È in questa luce che l’esperienza poetica di Montale chiede di essere letta. Egli è l’ultimo grande poeta italiano a vedere il suo spirito in sostanziale armonia con quello dei suoi predecessori, a concepire il suo progetto come un venire a patti in grande stile con il passato generatore. Il suo approccio è necessariamente sospetto, eccentrico, spesso parodico e paradossalmente il suo appropriarsi dell’eredità finisce con l’estinguerla, ed è questo il tema della sua disillusa opera tarda. Il fallimento del mythos della lirica italiana equivale per Montale alla fine del mondo che conosceva. Malgrado la ragione, la convinzione e l’esperienza, una piccola quantità di fede – nei sogni, in se stesso, nel potere della poesia – sopravvive in lui; e la sua opera finisce per dare nuova vita proprio al mito che l’ha abbandonato – l’ultimo e più difficile capitolo di una storia che non riesce a morire. Quasi a dispetto di se stesso, alla fine Montale raggiunge la sua grande aspirazione: la poesia italiana ha accolto il suo difficile figlio come l’ultimo – o il più recente – dei classici, e ora attende pazientemente l’uomo o la donna che possa darle nuova vita.

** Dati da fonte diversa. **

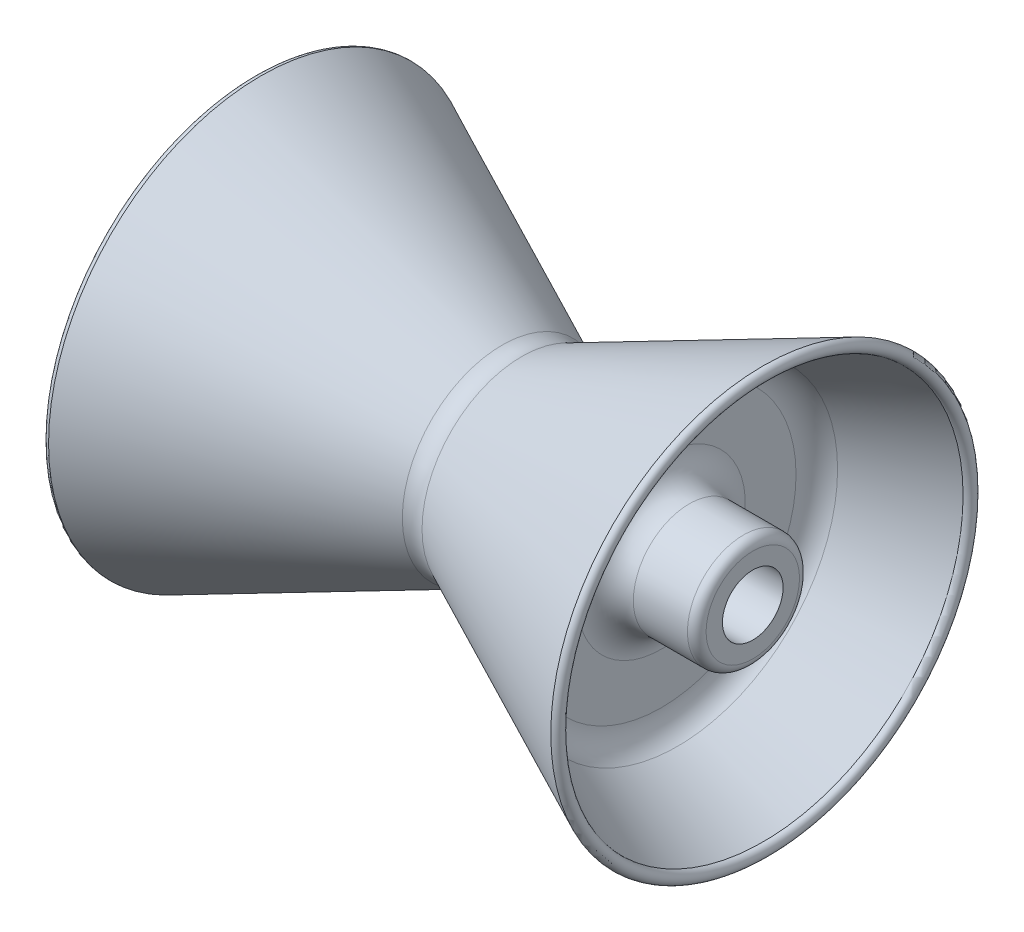
ISO-10303-21;
HEADER;
FILE_DESCRIPTION(('STEP AP214'),'2;1');
FILE_NAME('part.step','',(''),(''),'','','');
FILE_SCHEMA(('AUTOMOTIVE_DESIGN { 1 0 10303 214 1 1 1 1 }'));
ENDSEC;
DATA;
#1=APPLICATION_CONTEXT('core data for automotive mechanical design processes');
#2=APPLICATION_PROTOCOL_DEFINITION('international standard','automotive_design',2000,#1);
#3=PRODUCT_CONTEXT('',#1,'mechanical');
#4=PRODUCT('Part','Part','',(#3));
#5=PRODUCT_RELATED_PRODUCT_CATEGORY('part','',(#4));
#6=PRODUCT_DEFINITION_FORMATION('','',#4);
#7=PRODUCT_DEFINITION_CONTEXT('part definition',#1,'design');
#8=PRODUCT_DEFINITION('design','',#6,#7);
#9=PRODUCT_DEFINITION_SHAPE('','',#8);
#10=(LENGTH_UNIT() NAMED_UNIT(*) SI_UNIT(.MILLI.,.METRE.));
#11=(NAMED_UNIT(*) PLANE_ANGLE_UNIT() SI_UNIT($,.RADIAN.));
#12=(NAMED_UNIT(*) SI_UNIT($,.STERADIAN.) SOLID_ANGLE_UNIT());
#13=UNCERTAINTY_MEASURE_WITH_UNIT(LENGTH_MEASURE(1.E-05),#10,'distance_accuracy_value','');
#14=(GEOMETRIC_REPRESENTATION_CONTEXT(3) GLOBAL_UNCERTAINTY_ASSIGNED_CONTEXT((#13)) GLOBAL_UNIT_ASSIGNED_CONTEXT((#10,
#11,#12)) REPRESENTATION_CONTEXT('',''));
#15=CARTESIAN_POINT('',(0.,0.,0.));
#16=DIRECTION('',(0.,0.,1.));
#17=DIRECTION('',(1.,0.,0.));
#18=AXIS2_PLACEMENT_3D('',#15,#16,#17);
#19=CARTESIAN_POINT('',(-269.015,0.,0.));
#20=DIRECTION('',(-1.,0.,0.));
#21=DIRECTION('',(0.,0.,1.));
#22=AXIS2_PLACEMENT_3D('',#19,#20,#21);
#23=TOROIDAL_SURFACE('',#22,220.839732486225,6.62026751377497);
#24=CARTESIAN_POINT('',(-269.015,0.,0.));
#25=DIRECTION('',(-1.,0.,0.));
#26=DIRECTION('',(0.,0.,1.));
#27=AXIS2_PLACEMENT_3D('',#24,#25,#26);
#28=CIRCLE('',#27,214.21946497245);
#29=CARTESIAN_POINT('',(-269.015,0.,214.21946497245));
#30=VERTEX_POINT('',#29);
#31=EDGE_CURVE('E10',#30,#30,#28,.T.);
#32=ORIENTED_EDGE('',*,*,#31,.F.);
#33=EDGE_LOOP('',(#32));
#34=FACE_BOUND('',#33,.T.);
#35=CARTESIAN_POINT('',(-269.015,0.,0.));
#36=DIRECTION('',(-1.,0.,0.));
#37=DIRECTION('',(0.,0.,1.));
#38=AXIS2_PLACEMENT_3D('',#35,#36,#37);
#39=CIRCLE('',#38,227.46);
#40=CARTESIAN_POINT('',(-269.015,0.,227.46));
#41=VERTEX_POINT('',#40);
#42=EDGE_CURVE('E128',#41,#41,#39,.T.);
#43=ORIENTED_EDGE('',*,*,#42,.T.);
#44=EDGE_LOOP('',(#43));
#45=FACE_BOUND('',#44,.T.);
#46=ADVANCED_FACE('F37',(#34,#45),#23,.T.);
#47=CARTESIAN_POINT('',(-269.015,0.,0.));
#48=DIRECTION('',(-1.,0.,0.));
#49=DIRECTION('',(0.,0.,1.));
#50=AXIS2_PLACEMENT_3D('',#47,#48,#49);
#51=CONICAL_SURFACE('',#50,214.21946497245,0.43633231299858);
#52=CARTESIAN_POINT('',(-177.321452147779,0.,0.));
#53=DIRECTION('',(-1.,0.,0.));
#54=DIRECTION('',(0.,0.,1.));
#55=AXIS2_PLACEMENT_3D('',#52,#53,#54);
#56=CIRCLE('',#55,171.462061405558);
#57=CARTESIAN_POINT('',(-177.321452147779,0.,171.462061405558));
#58=VERTEX_POINT('',#57);
#59=EDGE_CURVE('E43',#58,#58,#56,.T.);
#60=ORIENTED_EDGE('',*,*,#59,.F.);
#61=EDGE_LOOP('',(#60));
#62=FACE_BOUND('',#61,.T.);
#63=ORIENTED_EDGE('',*,*,#31,.T.);
#64=EDGE_LOOP('',(#63));
#65=FACE_BOUND('',#64,.T.);
#66=ADVANCED_FACE('F291',(#62,#65),#51,.F.);
#67=CARTESIAN_POINT('',(-190.,0.,0.));
#68=DIRECTION('',(-1.,0.,0.));
#69=DIRECTION('',(0.,0.,1.));
#70=AXIS2_PLACEMENT_3D('',#67,#68,#69);
#71=TOROIDAL_SURFACE('',#70,144.272827794458,30.);
#72=CARTESIAN_POINT('',(-160.,0.,0.));
#73=DIRECTION('',(-1.,0.,0.));
#74=DIRECTION('',(0.,0.,1.));
#75=AXIS2_PLACEMENT_3D('',#72,#73,#74);
#76=CIRCLE('',#75,144.272827794458);
#77=CARTESIAN_POINT('',(-160.,0.,144.272827794458));
#78=VERTEX_POINT('',#77);
#79=EDGE_CURVE('E47',#78,#78,#76,.T.);
#80=ORIENTED_EDGE('',*,*,#79,.F.);
#81=EDGE_LOOP('',(#80));
#82=FACE_BOUND('',#81,.T.);
#83=ORIENTED_EDGE('',*,*,#59,.T.);
#84=EDGE_LOOP('',(#83));
#85=FACE_BOUND('',#84,.T.);
#86=ADVANCED_FACE('F286',(#82,#85),#71,.F.);
#87=CARTESIAN_POINT('',(-160.,90.0000000000002,0.));
#88=DIRECTION('',(1.,0.,0.));
#89=DIRECTION('',(0.,0.,-1.));
#90=AXIS2_PLACEMENT_3D('',#87,#88,#89);
#91=PLANE('',#90);
#92=CARTESIAN_POINT('',(-160.,0.,0.));
#93=DIRECTION('',(-1.,0.,0.));
#94=DIRECTION('',(0.,0.,1.));
#95=AXIS2_PLACEMENT_3D('',#92,#93,#94);
#96=CIRCLE('',#95,90.0000000000002);
#97=CARTESIAN_POINT('',(-160.,0.,90.0000000000002));
#98=VERTEX_POINT('',#97);
#99=EDGE_CURVE('E51',#98,#98,#96,.T.);
#100=ORIENTED_EDGE('',*,*,#99,.F.);
#101=EDGE_LOOP('',(#100));
#102=FACE_BOUND('',#101,.T.);
#103=ORIENTED_EDGE('',*,*,#79,.T.);
#104=EDGE_LOOP('',(#103));
#105=FACE_BOUND('',#104,.T.);
#106=ADVANCED_FACE('F280',(#102,#105),#91,.F.);
#107=CARTESIAN_POINT('',(-190.,0.,0.));
#108=DIRECTION('',(-1.,0.,0.));
#109=DIRECTION('',(0.,0.,1.));
#110=AXIS2_PLACEMENT_3D('',#107,#108,#109);
#111=TOROIDAL_SURFACE('',#110,90.,30.);
#112=CARTESIAN_POINT('',(-190.,0.,0.));
#113=DIRECTION('',(-1.,0.,0.));
#114=DIRECTION('',(0.,0.,1.));
#115=AXIS2_PLACEMENT_3D('',#112,#113,#114);
#116=CIRCLE('',#115,60.);
#117=CARTESIAN_POINT('',(-190.,0.,60.));
#118=VERTEX_POINT('',#117);
#119=EDGE_CURVE('E56',#118,#118,#116,.T.);
#120=ORIENTED_EDGE('',*,*,#119,.F.);
#121=EDGE_LOOP('',(#120));
#122=FACE_BOUND('',#121,.T.);
#123=ORIENTED_EDGE('',*,*,#99,.T.);
#124=EDGE_LOOP('',(#123));
#125=FACE_BOUND('',#124,.T.);
#126=ADVANCED_FACE('F274',(#122,#125),#111,.F.);
#127=CARTESIAN_POINT('',(-289.83870967742,0.,0.));
#128=DIRECTION('',(-1.,0.,0.));
#129=DIRECTION('',(0.,0.,1.));
#130=AXIS2_PLACEMENT_3D('',#127,#128,#129);
#131=CYLINDRICAL_SURFACE('',#130,60.);
#132=CARTESIAN_POINT('',(-247.940415619254,0.,0.));
#133=DIRECTION('',(-1.,0.,0.));
#134=DIRECTION('',(0.,0.,1.));
#135=AXIS2_PLACEMENT_3D('',#132,#133,#134);
#136=CIRCLE('',#135,60.);
#137=CARTESIAN_POINT('',(-247.940415619254,0.,60.));
#138=VERTEX_POINT('',#137);
#139=EDGE_CURVE('E59',#138,#138,#136,.T.);
#140=ORIENTED_EDGE('',*,*,#139,.F.);
#141=EDGE_LOOP('',(#140));
#142=FACE_BOUND('',#141,.T.);
#143=ORIENTED_EDGE('',*,*,#119,.T.);
#144=EDGE_LOOP('',(#143));
#145=FACE_BOUND('',#144,.T.);
#146=ADVANCED_FACE('F268',(#142,#145),#131,.T.);
#147=CARTESIAN_POINT('',(-247.940415619254,0.,0.));
#148=DIRECTION('',(-1.,0.,0.));
#149=DIRECTION('',(0.,0.,1.));
#150=AXIS2_PLACEMENT_3D('',#147,#148,#149);
#151=TOROIDAL_SURFACE('',#150,50.,10.);
#152=CARTESIAN_POINT('',(-257.940415619254,0.,0.));
#153=DIRECTION('',(-1.,0.,0.));
#154=DIRECTION('',(0.,0.,1.));
#155=AXIS2_PLACEMENT_3D('',#152,#153,#154);
#156=CIRCLE('',#155,49.9999999999999);
#157=CARTESIAN_POINT('',(-257.940415619254,0.,49.9999999999999));
#158=VERTEX_POINT('',#157);
#159=EDGE_CURVE('E62',#158,#158,#156,.T.);
#160=ORIENTED_EDGE('',*,*,#159,.F.);
#161=EDGE_LOOP('',(#160));
#162=FACE_BOUND('',#161,.T.);
#163=ORIENTED_EDGE('',*,*,#139,.T.);
#164=EDGE_LOOP('',(#163));
#165=FACE_BOUND('',#164,.T.);
#166=ADVANCED_FACE('F262',(#162,#165),#151,.T.);
#167=CARTESIAN_POINT('',(-257.940415619254,32.5,0.));
#168=DIRECTION('',(1.,0.,0.));
#169=DIRECTION('',(0.,0.,-1.));
#170=AXIS2_PLACEMENT_3D('',#167,#168,#169);
#171=PLANE('',#170);
#172=CARTESIAN_POINT('',(-257.940415619254,0.,0.));
#173=DIRECTION('',(-1.,0.,0.));
#174=DIRECTION('',(0.,0.,1.));
#175=AXIS2_PLACEMENT_3D('',#172,#173,#174);
#176=CIRCLE('',#175,32.5);
#177=CARTESIAN_POINT('',(-257.940415619254,0.,32.5));
#178=VERTEX_POINT('',#177);
#179=EDGE_CURVE('E65',#178,#178,#176,.T.);
#180=ORIENTED_EDGE('',*,*,#179,.F.);
#181=EDGE_LOOP('',(#180));
#182=FACE_BOUND('',#181,.T.);
#183=ORIENTED_EDGE('',*,*,#159,.T.);
#184=EDGE_LOOP('',(#183));
#185=FACE_BOUND('',#184,.T.);
#186=ADVANCED_FACE('F256',(#182,#185),#171,.F.);
#187=CARTESIAN_POINT('',(-289.83870967742,0.,0.));
#188=DIRECTION('',(-1.,0.,0.));
#189=DIRECTION('',(0.,0.,1.));
#190=AXIS2_PLACEMENT_3D('',#187,#188,#189);
#191=CYLINDRICAL_SURFACE('',#190,32.5);
#192=CARTESIAN_POINT('',(-130.,0.,0.));
#193=DIRECTION('',(-1.,0.,0.));
#194=DIRECTION('',(0.,0.,1.));
#195=AXIS2_PLACEMENT_3D('',#192,#193,#194);
#196=CIRCLE('',#195,32.5);
#197=CARTESIAN_POINT('',(-130.,0.,32.5));
#198=VERTEX_POINT('',#197);
#199=EDGE_CURVE('E68',#198,#198,#196,.T.);
#200=ORIENTED_EDGE('',*,*,#199,.F.);
#201=EDGE_LOOP('',(#200));
#202=FACE_BOUND('',#201,.T.);
#203=ORIENTED_EDGE('',*,*,#179,.T.);
#204=EDGE_LOOP('',(#203));
#205=FACE_BOUND('',#204,.T.);
#206=ADVANCED_FACE('F250',(#202,#205),#191,.F.);
#207=CARTESIAN_POINT('',(-130.,102.305138560509,0.));
#208=DIRECTION('',(-1.,0.,0.));
#209=DIRECTION('',(0.,0.,1.));
#210=AXIS2_PLACEMENT_3D('',#207,#208,#209);
#211=PLANE('',#210);
#212=CARTESIAN_POINT('',(-130.,0.,0.));
#213=DIRECTION('',(-1.,0.,0.));
#214=DIRECTION('',(0.,0.,1.));
#215=AXIS2_PLACEMENT_3D('',#212,#213,#214);
#216=CIRCLE('',#215,102.305138560509);
#217=CARTESIAN_POINT('',(-130.,0.,102.305138560509));
#218=VERTEX_POINT('',#217);
#219=EDGE_CURVE('E71',#218,#218,#216,.T.);
#220=ORIENTED_EDGE('',*,*,#219,.F.);
#221=EDGE_LOOP('',(#220));
#222=FACE_BOUND('',#221,.T.);
#223=ORIENTED_EDGE('',*,*,#199,.T.);
#224=EDGE_LOOP('',(#223));
#225=FACE_BOUND('',#224,.T.);
#226=ADVANCED_FACE('F244',(#222,#225),#211,.F.);
#227=CARTESIAN_POINT('',(-100.,0.,0.));
#228=DIRECTION('',(-1.,0.,0.));
#229=DIRECTION('',(0.,0.,1.));
#230=AXIS2_PLACEMENT_3D('',#227,#228,#229);
#231=TOROIDAL_SURFACE('',#230,102.305138560509,30.);
#232=CARTESIAN_POINT('',(-87.3214521477791,0.,0.));
#233=DIRECTION('',(-1.,0.,0.));
#234=DIRECTION('',(0.,0.,1.));
#235=AXIS2_PLACEMENT_3D('',#232,#233,#234);
#236=CIRCLE('',#235,129.494372171608);
#237=CARTESIAN_POINT('',(-87.3214521477791,0.,129.494372171608));
#238=VERTEX_POINT('',#237);
#239=EDGE_CURVE('E74',#238,#238,#236,.T.);
#240=ORIENTED_EDGE('',*,*,#239,.F.);
#241=EDGE_LOOP('',(#240));
#242=FACE_BOUND('',#241,.T.);
#243=ORIENTED_EDGE('',*,*,#219,.T.);
#244=EDGE_LOOP('',(#243));
#245=FACE_BOUND('',#244,.T.);
#246=ADVANCED_FACE('F238',(#242,#245),#231,.F.);
#247=CARTESIAN_POINT('',(-87.3214521477791,0.,0.));
#248=DIRECTION('',(-1.,0.,0.));
#249=DIRECTION('',(0.,0.,1.));
#250=AXIS2_PLACEMENT_3D('',#247,#248,#249);
#251=CONICAL_SURFACE('',#250,129.494372171608,0.43633231299858);
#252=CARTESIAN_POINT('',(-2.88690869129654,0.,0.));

(Traduzione di Maria Sepa)

1896-1981 Vita e opere di un Nobel

Lunedì ricorre il trentennale della morte di Eugenio Montale, che era nato a Genova nel 1896. Nel 1928 andò a Firenze a dirigere il Gabinetto di Vieusseux, che dovette lasciare 10 anni dopo perché non era iscritto al Partito fascista e aveva firmato nel ’25 il manifesto antifascista di Benedetto Croce. Quello stesso anno aveva esordito con la sua prima raccolta poetica, «Ossi di seppia», ma è in ambiente fiorentino che maturano le «Occasioni» e si sviluppa la sua attività di traduttore. Tra il ’40 e il ’43 compone i versi di «Finisterre» che Contini riuscì a far pubblicare a Lugano. Nel 1948 viene assunto al «Corriere». Nel Dopoguerra, pubblica «La bufera e altro» (1956) dove confluiscono le poesie di «Finisterre». Dovrà trascorrere un altro decennio per veder pubblicata «Xenia», che nel 1971 entrerà a far parte della raccolta «Satura». Nel frattempo era diventato senatore a vita e nel 1975 gli venne conferito il premio Nobel. Le sue Opere sono raccolte nei Meridiani Mondadori (nella foto: un’opera di Gianluigi Colin)

L’autore

Jonathan Galassi è presidente e direttore editoriale della casa editrice americana Farrar, Straus & Giroux. Nato a Seattle nel 1949, è autore di due raccolte di versi. A lui si deve la traduzione dell’intero corpus poetico di Eugenio Montale. Per i 30 anni dalla morte del Nobel, la Mondadori ha pubblicato il libro di Maria Luisa Spaziani «Montale e la Volpe» (pp. 114, e 12) e ha riproposto la raccolta del poeta «Le occasioni» (pp. 287, e 17), a cura di Tiziana de Rogatis, con un saggio di Luigi Blasucci e uno scritto di Vittorio Sereni. Da segnalare anche il saggio di Elio Gioanola «Montale» (Jaca Book, pp. 388, e 32).